Szefami dwóch piotrkowskich sztabów WOŚP byli Małgorzata Pingot i Dariusz Cecotka. – Spotkaliśmy się dziś nie tylko po to, żeby poinformować, ile zebraliśmy, ale przede wszystkim, by podziękować zarówno wolontariuszom, sponsorom, jak i tym wszystkim, którzy wrzucali pieniądze do puszek – mówiła M. Pingot. – Jesteśmy szczęśliwi, bo co roku pieniędzy jest coraz więcej.
- Bardzo dziękuję wolontariuszom, była ich w tym roku rekordowa liczba – 529 osób wyruszyło z mojego sztabu i 50 osób od Małgorzaty – mówił D. Cecotka.
Warto zaznaczyć, że wolontariusze z piotrkowskich sztabów zbierali również pieniądze w powiecie, efekt to 70 tys. zł.
Przypomnijmy, że podczas piotrkowskiego finału za 1800 zł zlicytowano piłkę z podpisem Marcina Gortata, którą podarował Marek Mazur. - Za koszulkę od Maćka Nytko, z wyprawy jachtem zebraliśmy 1400 zł. Licytowane były też obrazy piotrkowskich artystów.

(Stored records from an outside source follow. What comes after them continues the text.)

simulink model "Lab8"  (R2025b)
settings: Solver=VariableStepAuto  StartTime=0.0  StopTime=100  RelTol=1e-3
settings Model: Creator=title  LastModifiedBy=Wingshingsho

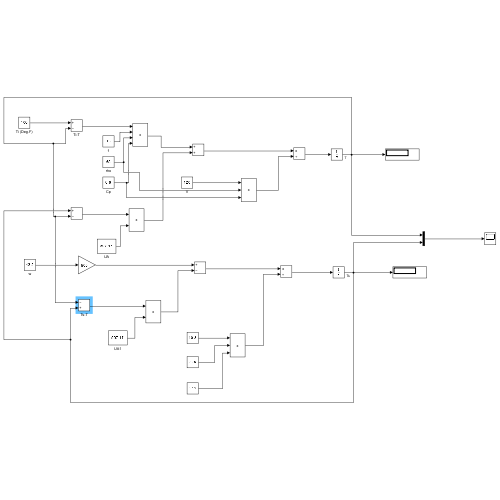
[thumbnail: Simulink's stored preview of the top-level diagram]
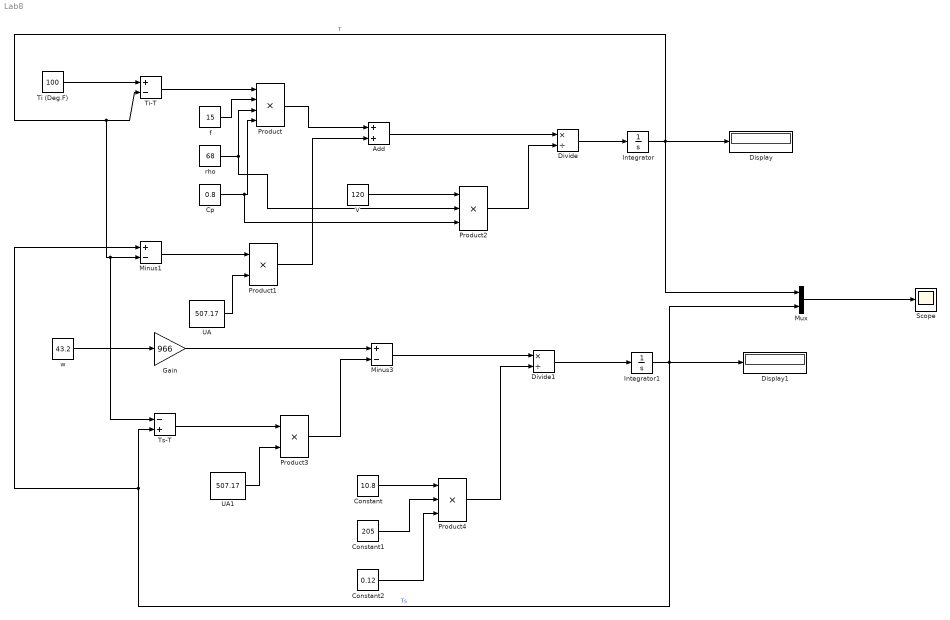
== system Lab8 ==
  Add : Sum
  Constant : Constant  Value=10.8
  Constant1 : Constant  Value=205
  Constant2 : Constant  Value=0.12
  Cp : Constant  Value=0.8
  Display : Display
  Display1 : Display
  Divide : Product  Inputs=*/
  Divide1 : Product  Inputs=*/
  Gain : Gain  Gain=966
  Integrator : Integrator
  Integrator1 : Integrator
  Minus1 : Sum  Inputs=+-
  Minus3 : Sum  Inputs=+-
  Mux : Mux  Inputs=2
  Product : Product  Inputs=4
  Product1 : Product
  Product2 : Product  Inputs=3
  Product3 : Product
  Product4 : Product  Inputs=3
  Scope : Scope
      settings: ActiveDisplayYMinimum=-29.174227213169566  ActiveDisplayYMaximum=262.56804491852614
  Ti (Deg.F) : Constant  Value=100
  Ti-T : Sum  Inputs=+-
  Ts-T : Sum  Inputs=-+
  UA : Constant  Value=507.17
  UA1 : Constant  Value=507.17
  V : Constant  Value=120
  f : Constant  Value=15
  rho : Constant  Value=68
  w : Constant  Value=43.2
  wires:
  Ti (Deg.F)/1 -> Ti-T/1
  Ti-T/1 -> Product/1
  f/1 -> Product/2
  rho/1 -> Product/3, Product2/2
  Minus1/1 -> Product1/1
  UA/1 -> Product1/2
  Product/1 -> Add/1
  Product1/1 -> Add/2
  Cp/1 -> Product2/3, Product/4
  V/1 -> Product2/1
  Add/1 -> Divide/1
  Product2/1 -> Divide/2
  Divide/1 -> Integrator/1
  Integrator/1 -> Mux/1, Display/1, Ti-T/2, Minus1/2, Ts-T/1  "T"
  w/1 -> Gain/1
  Ts-T/1 -> Product3/1
  UA1/1 -> Product3/2
  Gain/1 -> Minus3/1
  Product3/1 -> Minus3/2
  Constant/1 -> Product4/1
  Constant1/1 -> Product4/2
  Constant2/1 -> Product4/3
  Minus3/1 -> Divide1/1
  Product4/1 -> Divide1/2
  Divide1/1 -> Integrator1/1
  Integrator1/1 -> Mux/2, Display1/1, Ts-T/2, Minus1/1  "Ts"
  Mux/1 -> Scope/1

Ludzie bili się o niektóre przedmioty przeznaczone do licytacji. Nawet książki świetnie „schodziły” – dodała M. Pingot.
Podsumowanie finału nie zostało zorganizowane w przypadkowym miejscu. Szpital przy ul. Roosevelta z niecierpliwością czeka bowiem na nowoczesny sprzęt medyczny, najpierw dyrekcja tej placówki musi jednak zgłosić do Fundacji Jurka Owsiaka zapotrzebowanie na konkretne urządzenia. – To jest dla nas wyjątkowy rok, bo właśnie w 2018 Orkiestra gra dla szpitali powiatowych, dla oddziałów neonatologicznych - mówiła Eliza Bartkowska, dyrektor Powiatowego Zespołu Opieki Zdrowotnej w Piotrkowie. – Sprawdziłam, że szpital już od 2004 r. otrzymuje sprzęt od Orkiestry. Po zmianach w służbie zdrowia w mieście, tylko w naszym szpitalu jest oddział dziecięcy i noworodkowy.
A czego szpital najbardziej potrzebuje? Przede wszystkim sprzętu na oddział noworodkowy – respiratorów, inkubatorów, pulsoksymetrów, kardiomonitorów.